En droit du travail français, le CDI est la forme normale et générale de la relation de travail et le CDD l’exception. Les cas dans lesquels il est permis d’employer des salariés en CDD sont strictement encadrés par la loi. Le non-respect de ces règles peut entraîner la requalification du contrat en CDI à la demande du salarié et expose l’employeur à des sanctions civiles et pénales.

Parmi les cas de recours au CDD autorisés par la loi figure le CDD dit d’usage. Ce type de contrat est particulièrement avantageux pour l’employeur :

S’il présente une importante souplesse du point de vue de l’employeur, le CDD d’usage peut être source de grande précarité pour le salarié. Le recours à ce type de contrat de travail est donc encadré par des règles strictes et sévèrement sanctionnées.

Définition.

Selon l’article L. 1242-2, 3° du code du travail, le recours au CDD est autorisé en vue de pourvoir les emplois pour lesquels, dans certains secteurs d’activité définis par décret ou par convention ou accord collectif de travail étendu, il est d’usage constant de ne pas recourir au CDI en raison de la nature de l’activité exercée et du caractère par nature temporaire de ces emplois.

Conditions de validité.

1) Secteur d’activité.

De la définition précitée s’évince une première condition : le recours au CDD d’usage n’est possible que dans des secteurs d’activité déterminés.

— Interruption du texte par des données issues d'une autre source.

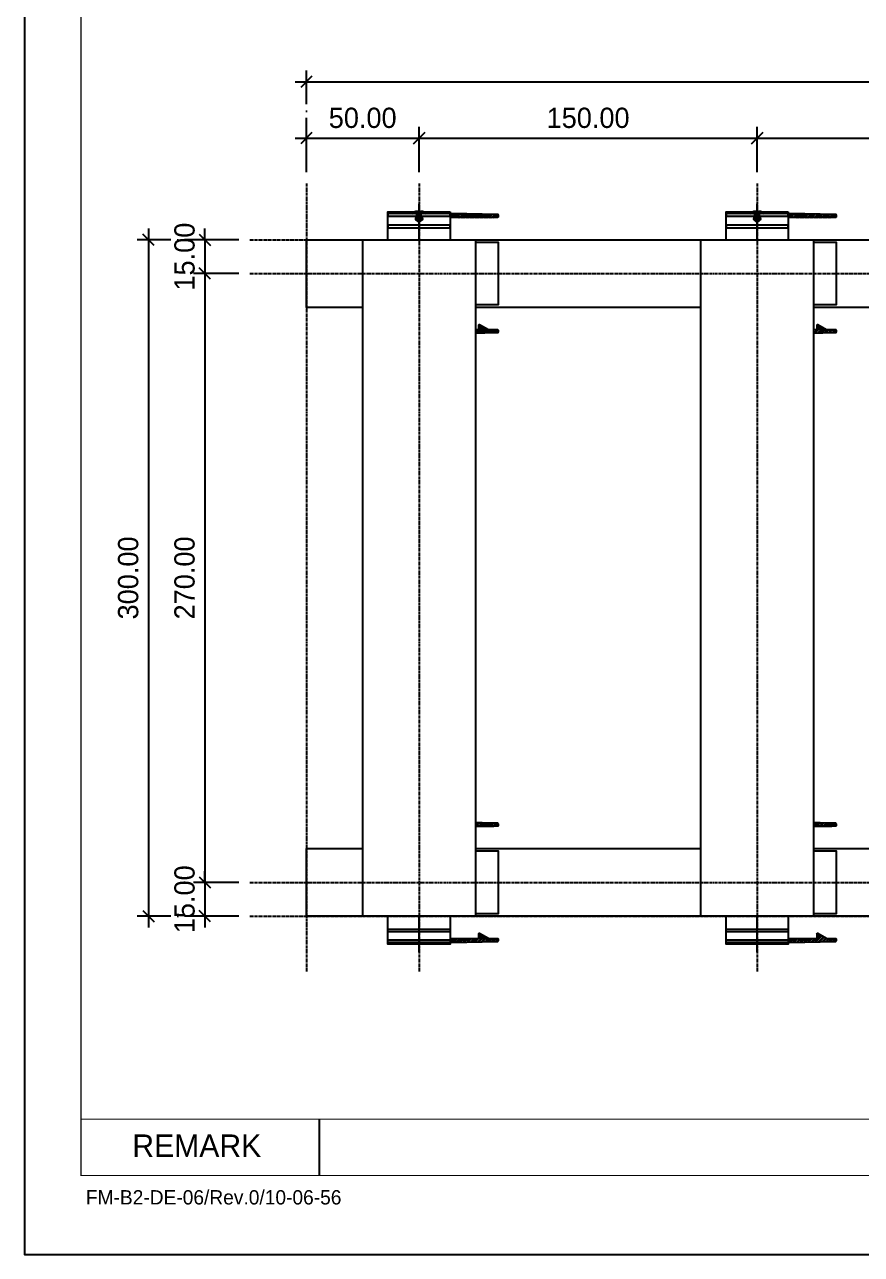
# Model space of a CAD drawing. Header units: millimetres. Extents: x -244126 to 368105, y -173968 to 259060.
# Drawn here: x 5187 to 5558, y 36859 to 37405 of the extents above; entities that cross this region are included whole.
import ezdxf
from ezdxf.enums import TextEntityAlignment as Align

# ---------------------------------------------------------------- set-up
doc = ezdxf.new("R2010")
doc.units = ezdxf.units.MM
doc.header["$MEASUREMENT"] = 0
for name, pattern in [('005_GG_TA_LINE', [13.75, 5, -1.25, 1.25, -1.25, 5]), ('ACAD_ISO04W100', [30, 24, -3, 0, -3]), ('CENTER', [2, 1.25, -0.25, 0.25, -0.25]), ('TA_HL_003.00000', [19.5, 10.65, -8.85])]:
    doc.linetypes.add(name, pattern=pattern)
for name, color, linetype in [('000 - D I M', 6, 'Continuous'), ('000 - GRID', 8, 'CENTER'), ('000 - H A T C H', 8, 'Continuous'), ('000 - L I N E 0.1', 1, 'Continuous'), ('000 - T E X T', 4, 'Continuous'), ('000 - TITLEBLOCK', 4, 'Continuous'), ('000 - WIPEOUT', 250, 'Continuous'), ('001 - ASCESSORIES', 1, 'Continuous'), ('002 - STRUCTURAL STEEL', 4, 'Continuous'), ('A04_TUBE SERIES', 7, 'Continuous')]:
    doc.layers.add(name, color=color, linetype=linetype)
doc.styles.add('BROWALLIA', font='BrowalliaUPC.ttf')
doc.styles.add('century gothic111111', font='CordiaUPC.ttf')
doc.styles.add('Cetury Gothic', font='GOTHIC.TTF')
doc.styles.add('CORDIA', font='cordia.shx')
doc.styles.add('TA', font='Cordia New.ttf', dxfattribs={"height": 4.5})
doc.dimstyles.new('DIM E-E', dxfattribs={"dimscale": 2, "dimtxt": 0.18, "dimasz": 0.1, "dimexe": 0.1, "dimexo": 0.1, "dimgap": 0.09, "dimtad": 1, "dimtoh": 1, "dimzin": 0, "dimdsep": 46, "dimtxsty": 'CORDIA', "dimblk": 'OBLIQUE', "dimcen": 0.1, "dimdle": 0.1, "dimclrd": 40, "dimclre": 140, "dimclrt": 3, "dimadec": 0, "dimazin": 0, "dimtfac": 1, "dimtix": 1, "dimtmove": 2, "dimatfit": 3, "dimfxl": 1, "dimtolj": 1, "dimtzin": 0, "dimarcsym": 0})

# ---------------------------------------------------------------- blocks, each defined once
blk = doc.blocks.new('A$Cfd196da9')
at = {"color": 0, "linetype": 'ByBlock', "const_width": 0.1}
blk.add_lwpolyline([(-143.5, -98), (96.5, -98), (96.5, 99), (-143.5, 99)], close=True, dxfattribs=at)
blk = doc.blocks.new('*U1674')
at = {"linetype": '005_GG_TA_LINE'}
blk.add_point((125, 150), dxfattribs=at)
at = {"layer": '000 - L I N E 0.1', "color": 21, "linetype": 'Continuous'}
blk.add_lwpolyline([(0, 35.6), (0, 0), (35.6, 0)], dxfattribs=at)
at = {"layer": '000 - T E X T', "color": 3}
blk.add_line((130.74, 60), (130.74, 35), dxfattribs=at)
at = {"layer": '000 - T E X T', "color": 3, "const_width": 0.5}
blk.add_lwpolyline([(25, 60), (1225, 60)], dxfattribs=at)
at = {"layer": '000 - TITLEBLOCK', "color": 250}
blk.add_lwpolyline([(0, 0), (1485, 0), (1485, 1050), (0, 1050)], close=True, dxfattribs=at)
at = {"layer": '000 - T E X T', "color": 3, "xscale": 5, "yscale": 5, "zscale": 5}
blk.add_blockref('A$Cfd196da9', (742.5, 525), dxfattribs=at)
at = {"color": 4, "insert": (47.79, 53.2), "char_height": 10, "width": 570.6175, "attachment_point": 1, "style": 'BROWALLIA'}
blk.add_mtext('{\\fCentury Gothic|b0|i0|c0|p34;REMARK}', dxfattribs=at)
at = {"color": 4, "style": 'TA'}
blk.add_attdef('PAPER_SIZE', text='', height=6.25, dxfattribs=at).set_placement((1421.5, 24.94), align=Align.MIDDLE_RIGHT)
blk.add_attdef('SCALE_SIZE', text='', height=6.25, dxfattribs=at).set_placement((1433.78, 25.07), align=Align.MIDDLE_LEFT)
at = {"layer": '000 - H A T C H', "color": 4, "insert": (27.18, 28.49), "char_height": 6.3569, "attachment_point": 1, "style": 'century gothic111111'}
blk.add_mtext('FM-B2-DE-06/Rev.0/10-06-56', dxfattribs=at)
at = {"layer": '000 - T E X T', "color": 250, "style": 'TA'}
for tag, height, p in [('SUPERLINK', 5, (43.16, 1039.41)), ('NAMEFILE', 5, (43.16, 1029.41)), ('SC', 100, (8.41, 938.03))]:
    blk.add_attdef(tag, text='', height=height, dxfattribs=at).set_placement(p, align=Align.MIDDLE_LEFT)
at = {"layer": '000 - T E X T', "color": 4, "style": 'TA'}
for tag, height, p in [('NAME_JOB_1', 5, (1309.16, 845.63)), ('NAME_JOB_2', 5, (1309.16, 834.72)), ('NAME_PROJECT_1', 7.5, (1234.52, 797.42)), ('NAME_PROJECT_2', 7.5, (1234.52, 778.92)), ('NAME_PROJECT_3', 7.5, (1234.52, 760.42)), ('CODE_VALUE_1', 4.75, (1302.87, 722.8)), ('CODE_VALUE_2', 4.75, (1302.87, 707.8)), ('PART_NAME_VALUE_1', 4.75, (1302.87, 689.69)), ('PART_NAME_VALUE_2', 4.75, (1302.87, 674.69)), ('PART_NAME_VALUE_3', 4.75, (1302.87, 659.69)), ('MATTERIAL_VALUE_1', 9, (1304.89, 642.26)), ('SPEC_VALUE', 9, (1304.89, 621.71)), ('THICKNESS_VALUE', 9, (1304.89, 601.32)), ('COATING_VALUE_1', 9, (1304.89, 581.25)), ('COATING_VALUE_2', 9, (1304.89, 561.18)), ('NAME_TITLE_1', 6, (1236.27, 194.04)), ('NAME_TITLE_2', 6, (1236.27, 177.39)), ('NAME_TITLE_3', 6, (1236.27, 160.74)), ('DRAWING_NO1', 6, (1236.53, 82.29)), ('DRAWING_NO2', 6, (1236.53, 62.29))]:
    blk.add_attdef(tag, text='', height=height, dxfattribs=at).set_placement(p, align=Align.MIDDLE_LEFT)
for tag, p in [('NAME_DAFT', (1383.53, 340.54)), ('NAME_CHECKED', (1383.53, 306.49)), ('NAME_DESIGNER', (1383.53, 273.03)), ('NAME_DESIGN_MGR', (1383.53, 237.79))]:
    blk.add_attdef(tag, text='', height=9, dxfattribs=at).set_placement(p, align=Align.MIDDLE_CENTER)
for tag, p, height in [('REV', (1383.82, 125.62), 9.38), ('NAME_REMARK', (138.21, 43.26), 10)]:
    blk.add_attdef(tag, p, '', height=height, dxfattribs=at)
at = {"layer": '000 - T E X T', "color": 4, "style": 'Cetury Gothic'}
for tag, p in [('SHEET_NO.', (1403.95, 84.99)), ('TOTAL_SHEET_NO.', (1402.41, 44.1))]:
    blk.add_attdef(tag, text='', height=9, dxfattribs=at).set_placement(p, align=Align.CENTER)
blk = doc.blocks.new('*U548')
at = {"color": 3}
blk.add_point((0, -300), dxfattribs=at)
at = {"layer": '000 - GRID', "color": 0, "linetype": 'ByBlock'}
blk.add_line((0, 25), (0, -325), dxfattribs=at)
at = {"layer": '000 - GRID', "color": 0}
blk.add_point((0, 0), dxfattribs=at)
at = {"style": 'TA', "flags": 1}
blk.add_attdef('LOCATION', (6, 6), '', height=4.5, dxfattribs=at)
blk = doc.blocks.new('*U1523')
at = {"color": 3}
blk.add_point((0, -550), dxfattribs=at)
at = {"layer": '000 - GRID', "color": 0, "linetype": 'ByBlock'}
blk.add_line((0, 25), (0, -575), dxfattribs=at)
at = {"layer": '000 - GRID', "color": 0}
blk.add_point((0, 0), dxfattribs=at)
at = {"style": 'TA', "flags": 1}
blk.add_attdef('LOCATION', (6, 6), '', height=4.5, dxfattribs=at)
blk = doc.blocks.new('*U1524')
at = {"color": 0}
blk.add_wipeout([(-275, 15), (275, 15), (275, -15), (-275, -15)], dxfattribs=at).dxf.layer = '000 - WIPEOUT'
at = {"layer": '002 - STRUCTURAL STEEL', "color": 0, "linetype": 'ByBlock'}
blk.add_lwpolyline([(-275, 15), (275, 15), (275, -15), (-275, -15)], close=True, dxfattribs=at)
blk = doc.blocks.new('*U1525')
at = {"color": 0}
blk.add_wipeout([(-25, 300), (25, 300), (25, 0), (-25, 0)], dxfattribs=at).dxf.layer = '000 - WIPEOUT'
at = {"layer": '002 - STRUCTURAL STEEL', "color": 0, "linetype": 'ByBlock'}
blk.add_lwpolyline([(-25, 300), (25, 300), (25, 0), (-25, 0)], close=True, dxfattribs=at)
blk = doc.blocks.new('_Oblique')
at = {"color": 0, "linetype": 'ByBlock', "lineweight": -2}
blk.add_line((-0.5, -0.5), (0.5, 0.5), dxfattribs=at)
blk = doc.blocks.new('*D1861')
at = {"layer": '000 - D I M', "color": 140, "linetype": 'ACAD_ISO04W100', "lineweight": -2, "transparency": 16777216}
for p, q in [((5312.06, 37339.28), (5312.06, 37359.28)), ((5362.06, 37339.28), (5362.06, 37359.28))]:
    blk.add_line(p, q, dxfattribs=at)
at = {"layer": '000 - D I M', "color": 40, "lineweight": -2, "transparency": 16777216}
blk.add_line((5307.06, 37354.28), (5367.06, 37354.28), dxfattribs=at)
at = {"layer": 'Defpoints', "color": 0, "transparency": 16777216}
for p in [(5362.06, 37354.28), (5312.06, 37334.28), (5362.06, 37334.28)]:
    blk.add_point(p, dxfattribs=at)
at = {"layer": '000 - D I M', "color": 40, "lineweight": -2, "transparency": 16777216, "xscale": 5, "yscale": 5, "zscale": 5, "rotation": 180}
blk.add_blockref('_Oblique', (5312.06, 37354.28), dxfattribs=at)
at = {"layer": '000 - D I M', "color": 40, "lineweight": -2, "transparency": 16777216, "xscale": 5, "yscale": 5, "zscale": 5}
blk.add_blockref('_Oblique', (5362.06, 37354.28), dxfattribs=at)
at = {"layer": '000 - D I M', "color": 3, "transparency": 16777216, "insert": (5337.06, 37363.28), "char_height": 9, "attachment_point": 5, "style": 'CORDIA'}
blk.add_mtext('\\A1;50.00', dxfattribs=at)
blk = doc.blocks.new('*D1862')
at = {"layer": '000 - D I M', "color": 140, "linetype": 'ACAD_ISO04W100', "lineweight": -2, "transparency": 16777216}
for p, q in [((5362.06, 37339.28), (5362.06, 37359.28)), ((5512.06, 37339.28), (5512.06, 37359.28))]:
    blk.add_line(p, q, dxfattribs=at)
at = {"layer": '000 - D I M', "color": 40, "lineweight": -2, "transparency": 16777216}
blk.add_line((5357.06, 37354.28), (5517.06, 37354.28), dxfattribs=at)
at = {"layer": 'Defpoints', "color": 0, "transparency": 16777216}
for p in [(5512.06, 37354.28), (5362.06, 37334.28), (5512.06, 37334.28)]:
    blk.add_point(p, dxfattribs=at)
at = {"layer": '000 - D I M', "color": 40, "lineweight": -2, "transparency": 16777216, "xscale": 5, "yscale": 5, "zscale": 5, "rotation": 180}
blk.add_blockref('_Oblique', (5362.06, 37354.28), dxfattribs=at)
at = {"layer": '000 - D I M', "color": 40, "lineweight": -2, "transparency": 16777216, "xscale": 5, "yscale": 5, "zscale": 5}
blk.add_blockref('_Oblique', (5512.06, 37354.28), dxfattribs=at)
at = {"layer": '000 - D I M', "color": 3, "transparency": 16777216, "insert": (5437.06, 37363.28), "char_height": 9, "attachment_point": 5, "style": 'CORDIA'}
blk.add_mtext('\\A1;150.00', dxfattribs=at)
blk = doc.blocks.new('*D1863')
at = {"layer": '000 - D I M', "color": 140, "linetype": 'ACAD_ISO04W100', "lineweight": -2, "transparency": 16777216}
for p, q in [((5512.06, 37339.28), (5512.06, 37359.28)), ((5662.06, 37339.28), (5662.06, 37359.28))]:
    blk.add_line(p, q, dxfattribs=at)
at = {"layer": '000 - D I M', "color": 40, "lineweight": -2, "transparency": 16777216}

La liste des secteurs d’activité concernés définie par décret figure à l’article D. 1242-1 du code du travail. Sont visés :

Cette liste peut être complétée par voie de conventions ou d’accords collectifs de travail étendus. On peut mentionner, par exemple, la convention collective du personnel des prestataires de services dans le domaine du secteur tertiaire du 13 août 1999 (accueil événementiel, animation commerciale, etc.), la convention collective des organismes de formation du 10 juin 1988, la convention collective des casinos du 29 mars 2002 ou encore la convention collective de la manutention portuaire du 31 décembre 1993.

En dehors des secteurs d’activité couverts par le décret ou par une convention ou un accord collectif, le recours au CDD d’usage n’est pas permis.

En outre, il doit s’agir de l’activité principale réellement exercée par l’entreprise. Le juge doit le vérifier sans s’arrêter à la mention de la convention collective figurant dans le contrat de travail ou sur les bulletins de paie (Cass. soc., 27 septembre 2006, n° 04-47.663 : Bull. civ., V, n° 289).

Le fait que la tâche confiée au salarié corresponde à l’une des activités visées ne saurait suffire dès lors qu’il ne s’agit pas de l’activité principale de l’entreprise (Cass. soc., 2 juin 2004, n° 01-45.906 ; Cass. soc., 11 mars 2009, n° 07-43.670).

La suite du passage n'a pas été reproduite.